Is it necessary to quote command substitutions during variable assignment in bash?

不想你离开。 提交于 2019-11-29 02:28:14

The shell does not perform word splitting for variable assignments (it is standardized that way by POSIX and you can rely on it). Thus you do not need double quotes (but you can use them without making the result different) in

variable=$(command)   # same as variable="$(command)"

However, word-splitting is performed before executing commands, so in

echo $(command)
echo "$(command)"

the result may be different. The latter keeps all multi-space sequences, while the former makes each word a different argument to echo. It is up to you to decide which is the desired behavior.

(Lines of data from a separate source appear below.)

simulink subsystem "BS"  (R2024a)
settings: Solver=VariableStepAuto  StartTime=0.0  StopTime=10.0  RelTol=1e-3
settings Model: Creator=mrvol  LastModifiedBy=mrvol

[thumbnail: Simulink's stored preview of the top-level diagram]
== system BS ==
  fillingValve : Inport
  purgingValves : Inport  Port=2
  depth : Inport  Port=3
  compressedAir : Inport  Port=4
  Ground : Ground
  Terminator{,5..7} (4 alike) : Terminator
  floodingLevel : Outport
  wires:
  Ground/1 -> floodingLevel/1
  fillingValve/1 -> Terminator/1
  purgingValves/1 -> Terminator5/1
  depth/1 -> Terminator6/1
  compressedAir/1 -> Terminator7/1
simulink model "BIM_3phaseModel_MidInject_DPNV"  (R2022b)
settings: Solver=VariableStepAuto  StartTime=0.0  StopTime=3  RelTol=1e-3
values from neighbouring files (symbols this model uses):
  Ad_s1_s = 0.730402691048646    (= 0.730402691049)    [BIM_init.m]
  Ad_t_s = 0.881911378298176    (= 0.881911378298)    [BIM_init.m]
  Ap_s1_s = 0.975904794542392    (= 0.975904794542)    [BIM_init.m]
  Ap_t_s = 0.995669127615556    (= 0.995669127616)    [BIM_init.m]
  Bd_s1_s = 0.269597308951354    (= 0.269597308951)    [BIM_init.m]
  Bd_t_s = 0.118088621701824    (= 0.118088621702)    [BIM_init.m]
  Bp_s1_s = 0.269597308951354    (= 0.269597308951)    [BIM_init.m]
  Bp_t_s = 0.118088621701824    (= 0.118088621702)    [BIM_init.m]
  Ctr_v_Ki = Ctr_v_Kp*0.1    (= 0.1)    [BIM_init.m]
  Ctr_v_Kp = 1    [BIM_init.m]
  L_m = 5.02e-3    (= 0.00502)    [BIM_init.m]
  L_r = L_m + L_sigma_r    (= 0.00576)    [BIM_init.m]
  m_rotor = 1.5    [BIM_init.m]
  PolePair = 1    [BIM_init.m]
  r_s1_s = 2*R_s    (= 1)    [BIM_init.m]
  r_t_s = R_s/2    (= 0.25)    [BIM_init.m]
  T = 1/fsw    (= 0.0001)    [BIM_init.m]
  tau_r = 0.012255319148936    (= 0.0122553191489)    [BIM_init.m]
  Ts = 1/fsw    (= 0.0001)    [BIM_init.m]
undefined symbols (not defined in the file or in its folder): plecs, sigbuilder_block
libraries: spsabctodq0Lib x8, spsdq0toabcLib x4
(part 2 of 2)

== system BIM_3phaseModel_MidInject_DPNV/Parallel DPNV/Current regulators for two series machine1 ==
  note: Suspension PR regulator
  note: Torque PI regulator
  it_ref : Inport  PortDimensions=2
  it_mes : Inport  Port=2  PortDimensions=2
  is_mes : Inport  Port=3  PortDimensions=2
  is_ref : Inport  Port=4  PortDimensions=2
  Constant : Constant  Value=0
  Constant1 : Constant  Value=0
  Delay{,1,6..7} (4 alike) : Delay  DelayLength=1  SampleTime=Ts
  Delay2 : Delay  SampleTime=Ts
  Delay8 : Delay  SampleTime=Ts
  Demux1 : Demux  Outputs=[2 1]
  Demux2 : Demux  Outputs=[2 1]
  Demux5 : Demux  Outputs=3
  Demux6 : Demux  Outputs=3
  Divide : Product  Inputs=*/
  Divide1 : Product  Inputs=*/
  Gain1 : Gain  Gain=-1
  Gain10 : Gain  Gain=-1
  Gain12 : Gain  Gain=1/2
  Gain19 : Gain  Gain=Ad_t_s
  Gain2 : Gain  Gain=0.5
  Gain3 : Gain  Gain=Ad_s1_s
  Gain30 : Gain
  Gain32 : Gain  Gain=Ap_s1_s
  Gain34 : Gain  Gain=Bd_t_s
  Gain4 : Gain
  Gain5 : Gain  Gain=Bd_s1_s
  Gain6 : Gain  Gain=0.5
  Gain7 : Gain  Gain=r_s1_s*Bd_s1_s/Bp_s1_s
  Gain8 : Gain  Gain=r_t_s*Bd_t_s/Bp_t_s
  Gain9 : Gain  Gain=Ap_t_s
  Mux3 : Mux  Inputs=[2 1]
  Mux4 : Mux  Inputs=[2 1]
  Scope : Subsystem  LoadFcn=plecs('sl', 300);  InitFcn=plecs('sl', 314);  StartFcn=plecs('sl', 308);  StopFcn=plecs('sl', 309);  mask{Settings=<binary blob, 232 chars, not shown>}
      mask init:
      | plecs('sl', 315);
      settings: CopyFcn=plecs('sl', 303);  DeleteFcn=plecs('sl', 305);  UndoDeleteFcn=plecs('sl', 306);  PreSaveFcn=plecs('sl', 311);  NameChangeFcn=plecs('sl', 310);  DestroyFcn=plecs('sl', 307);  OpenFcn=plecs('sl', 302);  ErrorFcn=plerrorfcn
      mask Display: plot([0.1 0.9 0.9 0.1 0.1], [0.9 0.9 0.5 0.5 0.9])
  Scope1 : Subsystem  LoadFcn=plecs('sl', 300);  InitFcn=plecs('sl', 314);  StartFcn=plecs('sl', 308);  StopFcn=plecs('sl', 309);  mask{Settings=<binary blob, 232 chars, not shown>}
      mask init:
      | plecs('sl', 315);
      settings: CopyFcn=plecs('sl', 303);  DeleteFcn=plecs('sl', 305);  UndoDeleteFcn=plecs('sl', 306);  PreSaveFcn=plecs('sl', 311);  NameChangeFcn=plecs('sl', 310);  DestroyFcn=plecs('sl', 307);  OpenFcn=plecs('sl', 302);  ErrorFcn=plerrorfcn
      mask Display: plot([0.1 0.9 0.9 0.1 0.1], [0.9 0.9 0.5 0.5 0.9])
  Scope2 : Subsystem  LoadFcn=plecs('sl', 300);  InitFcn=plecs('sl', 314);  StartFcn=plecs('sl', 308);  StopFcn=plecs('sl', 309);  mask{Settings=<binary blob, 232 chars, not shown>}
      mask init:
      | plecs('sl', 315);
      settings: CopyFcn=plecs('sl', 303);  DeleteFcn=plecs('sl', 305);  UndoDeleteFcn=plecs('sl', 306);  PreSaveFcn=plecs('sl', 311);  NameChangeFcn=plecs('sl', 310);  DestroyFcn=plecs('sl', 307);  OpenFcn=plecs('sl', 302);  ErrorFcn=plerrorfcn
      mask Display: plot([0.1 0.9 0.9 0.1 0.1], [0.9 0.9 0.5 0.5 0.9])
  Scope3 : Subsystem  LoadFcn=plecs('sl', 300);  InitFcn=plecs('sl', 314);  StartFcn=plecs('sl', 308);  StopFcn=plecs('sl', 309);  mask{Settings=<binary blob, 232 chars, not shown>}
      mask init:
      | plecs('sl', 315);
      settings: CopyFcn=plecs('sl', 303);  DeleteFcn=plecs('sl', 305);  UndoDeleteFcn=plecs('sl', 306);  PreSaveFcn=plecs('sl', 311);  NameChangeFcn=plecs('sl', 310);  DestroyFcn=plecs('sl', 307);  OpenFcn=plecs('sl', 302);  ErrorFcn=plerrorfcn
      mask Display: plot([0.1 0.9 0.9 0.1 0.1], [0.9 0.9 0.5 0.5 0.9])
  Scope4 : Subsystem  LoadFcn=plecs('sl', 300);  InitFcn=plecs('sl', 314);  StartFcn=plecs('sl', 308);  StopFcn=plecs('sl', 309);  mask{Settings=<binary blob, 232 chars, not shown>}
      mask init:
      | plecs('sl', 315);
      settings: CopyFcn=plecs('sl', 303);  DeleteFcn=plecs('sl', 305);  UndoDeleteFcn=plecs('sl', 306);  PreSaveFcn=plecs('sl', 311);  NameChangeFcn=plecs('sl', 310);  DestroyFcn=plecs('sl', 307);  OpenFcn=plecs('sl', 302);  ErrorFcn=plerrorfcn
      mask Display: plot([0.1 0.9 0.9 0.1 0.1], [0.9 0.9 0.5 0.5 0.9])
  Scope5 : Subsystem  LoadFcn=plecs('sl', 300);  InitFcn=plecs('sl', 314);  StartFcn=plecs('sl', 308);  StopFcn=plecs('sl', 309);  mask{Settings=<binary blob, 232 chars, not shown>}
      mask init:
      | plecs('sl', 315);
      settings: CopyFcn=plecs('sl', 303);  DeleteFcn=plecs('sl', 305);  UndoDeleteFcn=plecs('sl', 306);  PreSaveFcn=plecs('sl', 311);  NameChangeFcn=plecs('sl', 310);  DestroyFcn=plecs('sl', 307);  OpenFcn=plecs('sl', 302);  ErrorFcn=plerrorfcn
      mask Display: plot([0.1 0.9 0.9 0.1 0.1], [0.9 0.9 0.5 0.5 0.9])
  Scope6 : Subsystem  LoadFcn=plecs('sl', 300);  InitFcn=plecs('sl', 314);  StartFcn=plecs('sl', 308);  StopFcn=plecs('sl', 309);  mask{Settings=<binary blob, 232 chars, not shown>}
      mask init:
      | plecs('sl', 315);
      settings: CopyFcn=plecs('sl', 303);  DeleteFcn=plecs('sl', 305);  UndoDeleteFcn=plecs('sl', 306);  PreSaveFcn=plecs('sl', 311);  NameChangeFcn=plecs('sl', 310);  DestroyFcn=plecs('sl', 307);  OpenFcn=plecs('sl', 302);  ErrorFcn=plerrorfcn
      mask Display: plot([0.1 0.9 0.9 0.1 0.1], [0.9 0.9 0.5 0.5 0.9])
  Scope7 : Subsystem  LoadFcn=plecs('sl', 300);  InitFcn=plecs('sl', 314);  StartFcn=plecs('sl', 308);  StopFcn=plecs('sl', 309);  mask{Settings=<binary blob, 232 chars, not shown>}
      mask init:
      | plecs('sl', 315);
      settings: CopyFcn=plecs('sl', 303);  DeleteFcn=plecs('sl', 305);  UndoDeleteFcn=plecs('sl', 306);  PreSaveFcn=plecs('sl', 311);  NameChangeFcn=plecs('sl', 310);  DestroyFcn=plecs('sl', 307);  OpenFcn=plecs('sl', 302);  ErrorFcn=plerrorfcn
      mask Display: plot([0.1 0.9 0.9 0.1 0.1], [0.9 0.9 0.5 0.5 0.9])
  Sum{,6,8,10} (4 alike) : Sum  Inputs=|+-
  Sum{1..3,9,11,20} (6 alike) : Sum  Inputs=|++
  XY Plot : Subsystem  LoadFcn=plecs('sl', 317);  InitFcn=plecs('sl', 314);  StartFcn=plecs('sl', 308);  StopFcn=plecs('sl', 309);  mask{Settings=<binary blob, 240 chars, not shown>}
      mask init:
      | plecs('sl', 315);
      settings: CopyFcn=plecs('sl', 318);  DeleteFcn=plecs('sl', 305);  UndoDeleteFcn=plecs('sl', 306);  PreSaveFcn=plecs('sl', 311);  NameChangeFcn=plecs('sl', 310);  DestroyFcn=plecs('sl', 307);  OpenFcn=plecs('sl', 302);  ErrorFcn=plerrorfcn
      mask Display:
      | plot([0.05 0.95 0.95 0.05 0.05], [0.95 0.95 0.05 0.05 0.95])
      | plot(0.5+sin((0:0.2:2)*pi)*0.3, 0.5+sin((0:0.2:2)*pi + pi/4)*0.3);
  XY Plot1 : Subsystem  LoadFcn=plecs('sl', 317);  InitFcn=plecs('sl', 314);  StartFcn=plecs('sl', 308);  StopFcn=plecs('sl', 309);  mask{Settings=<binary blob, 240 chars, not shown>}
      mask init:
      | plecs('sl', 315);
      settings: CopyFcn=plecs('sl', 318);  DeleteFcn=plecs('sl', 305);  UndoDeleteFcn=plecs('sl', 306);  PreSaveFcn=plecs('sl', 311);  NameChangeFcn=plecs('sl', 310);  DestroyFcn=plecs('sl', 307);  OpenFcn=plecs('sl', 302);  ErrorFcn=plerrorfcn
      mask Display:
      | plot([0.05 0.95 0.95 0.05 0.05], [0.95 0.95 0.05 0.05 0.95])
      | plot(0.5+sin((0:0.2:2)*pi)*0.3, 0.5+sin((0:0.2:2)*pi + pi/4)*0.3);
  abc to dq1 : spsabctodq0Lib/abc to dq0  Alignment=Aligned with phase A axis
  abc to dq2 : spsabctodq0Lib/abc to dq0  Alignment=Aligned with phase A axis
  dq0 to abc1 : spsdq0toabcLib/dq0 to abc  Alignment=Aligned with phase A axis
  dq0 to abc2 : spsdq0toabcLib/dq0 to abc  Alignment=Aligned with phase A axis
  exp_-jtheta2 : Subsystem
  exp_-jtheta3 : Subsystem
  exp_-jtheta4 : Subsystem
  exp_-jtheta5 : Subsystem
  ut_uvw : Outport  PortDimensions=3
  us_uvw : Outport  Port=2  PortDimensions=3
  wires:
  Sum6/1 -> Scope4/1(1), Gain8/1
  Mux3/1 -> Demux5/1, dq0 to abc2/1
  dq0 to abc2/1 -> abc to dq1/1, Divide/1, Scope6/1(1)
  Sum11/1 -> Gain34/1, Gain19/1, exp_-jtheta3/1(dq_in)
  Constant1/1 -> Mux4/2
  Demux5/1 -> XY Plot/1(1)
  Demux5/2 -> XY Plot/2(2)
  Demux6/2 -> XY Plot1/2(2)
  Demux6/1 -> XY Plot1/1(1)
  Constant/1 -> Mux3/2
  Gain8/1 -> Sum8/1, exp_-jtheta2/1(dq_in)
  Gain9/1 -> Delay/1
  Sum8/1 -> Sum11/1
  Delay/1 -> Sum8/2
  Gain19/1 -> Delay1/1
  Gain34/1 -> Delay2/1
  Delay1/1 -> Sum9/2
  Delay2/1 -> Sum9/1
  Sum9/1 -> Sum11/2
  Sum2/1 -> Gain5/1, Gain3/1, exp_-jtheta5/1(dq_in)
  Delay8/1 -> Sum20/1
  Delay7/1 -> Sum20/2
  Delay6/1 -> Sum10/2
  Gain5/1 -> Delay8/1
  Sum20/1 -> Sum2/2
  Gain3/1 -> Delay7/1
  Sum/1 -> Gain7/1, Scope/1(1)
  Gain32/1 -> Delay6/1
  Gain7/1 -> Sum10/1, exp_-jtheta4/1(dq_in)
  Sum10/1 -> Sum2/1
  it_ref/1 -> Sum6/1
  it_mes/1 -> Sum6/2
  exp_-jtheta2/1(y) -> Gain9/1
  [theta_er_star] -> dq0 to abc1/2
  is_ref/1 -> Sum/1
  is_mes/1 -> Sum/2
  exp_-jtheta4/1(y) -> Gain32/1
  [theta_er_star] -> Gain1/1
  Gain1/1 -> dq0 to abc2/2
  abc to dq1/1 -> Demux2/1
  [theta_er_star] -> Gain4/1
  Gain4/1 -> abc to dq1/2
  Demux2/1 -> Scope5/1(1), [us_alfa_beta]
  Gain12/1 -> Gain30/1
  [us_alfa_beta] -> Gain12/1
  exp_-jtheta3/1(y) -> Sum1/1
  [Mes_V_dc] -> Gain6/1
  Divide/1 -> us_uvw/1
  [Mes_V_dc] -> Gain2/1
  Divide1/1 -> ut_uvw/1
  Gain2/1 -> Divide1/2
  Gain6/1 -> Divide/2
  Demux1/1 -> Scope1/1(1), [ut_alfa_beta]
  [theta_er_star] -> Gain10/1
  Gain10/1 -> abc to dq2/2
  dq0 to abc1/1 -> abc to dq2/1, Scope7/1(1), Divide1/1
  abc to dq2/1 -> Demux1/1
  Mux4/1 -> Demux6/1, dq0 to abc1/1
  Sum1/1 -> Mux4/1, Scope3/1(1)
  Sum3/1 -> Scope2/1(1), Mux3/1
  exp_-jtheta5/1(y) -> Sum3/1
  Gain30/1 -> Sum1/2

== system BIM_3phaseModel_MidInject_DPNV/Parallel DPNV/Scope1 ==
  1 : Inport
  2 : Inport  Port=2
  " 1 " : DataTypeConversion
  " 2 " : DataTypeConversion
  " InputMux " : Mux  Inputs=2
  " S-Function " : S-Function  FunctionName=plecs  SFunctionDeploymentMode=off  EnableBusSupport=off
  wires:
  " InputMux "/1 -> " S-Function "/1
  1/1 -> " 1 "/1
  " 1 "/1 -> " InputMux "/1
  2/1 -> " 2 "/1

Interesting shell quirk: there is one more place where quoting a substitution or not makes no difference, namely the expression in a case expr in construct.

case $FOO in
  (frob) ...;;
esac

is indistinguishable from

case "$FOO" in
  (frob) ...;;
esac

When using BASH, those two lines are 100% equivalent:

variable="$(command)"
variable=$(command)

while these two aren't:

echo $(command)
echo "$(command)"

Alas, the human brain isn't a computer. It's especially not as reliable when it comes to repeat a job.

So chances are that if you mix styles (i.e. you quote when you use command arguments but you don't quote when you assign a variable), that once in a while, you'll get it wrong.

Worse, once in a while you will want the command result to be expanded into individual words. And the next guy who reads your code will wonder if he's looking at a bug.

Conculsion: Since the first two lines are the same, it's easier on the average brain to always quote $() (even when it's not necessary) to make sure you always quote when you have to.

Testing with so many different commands, it is the same. Can't find a difference.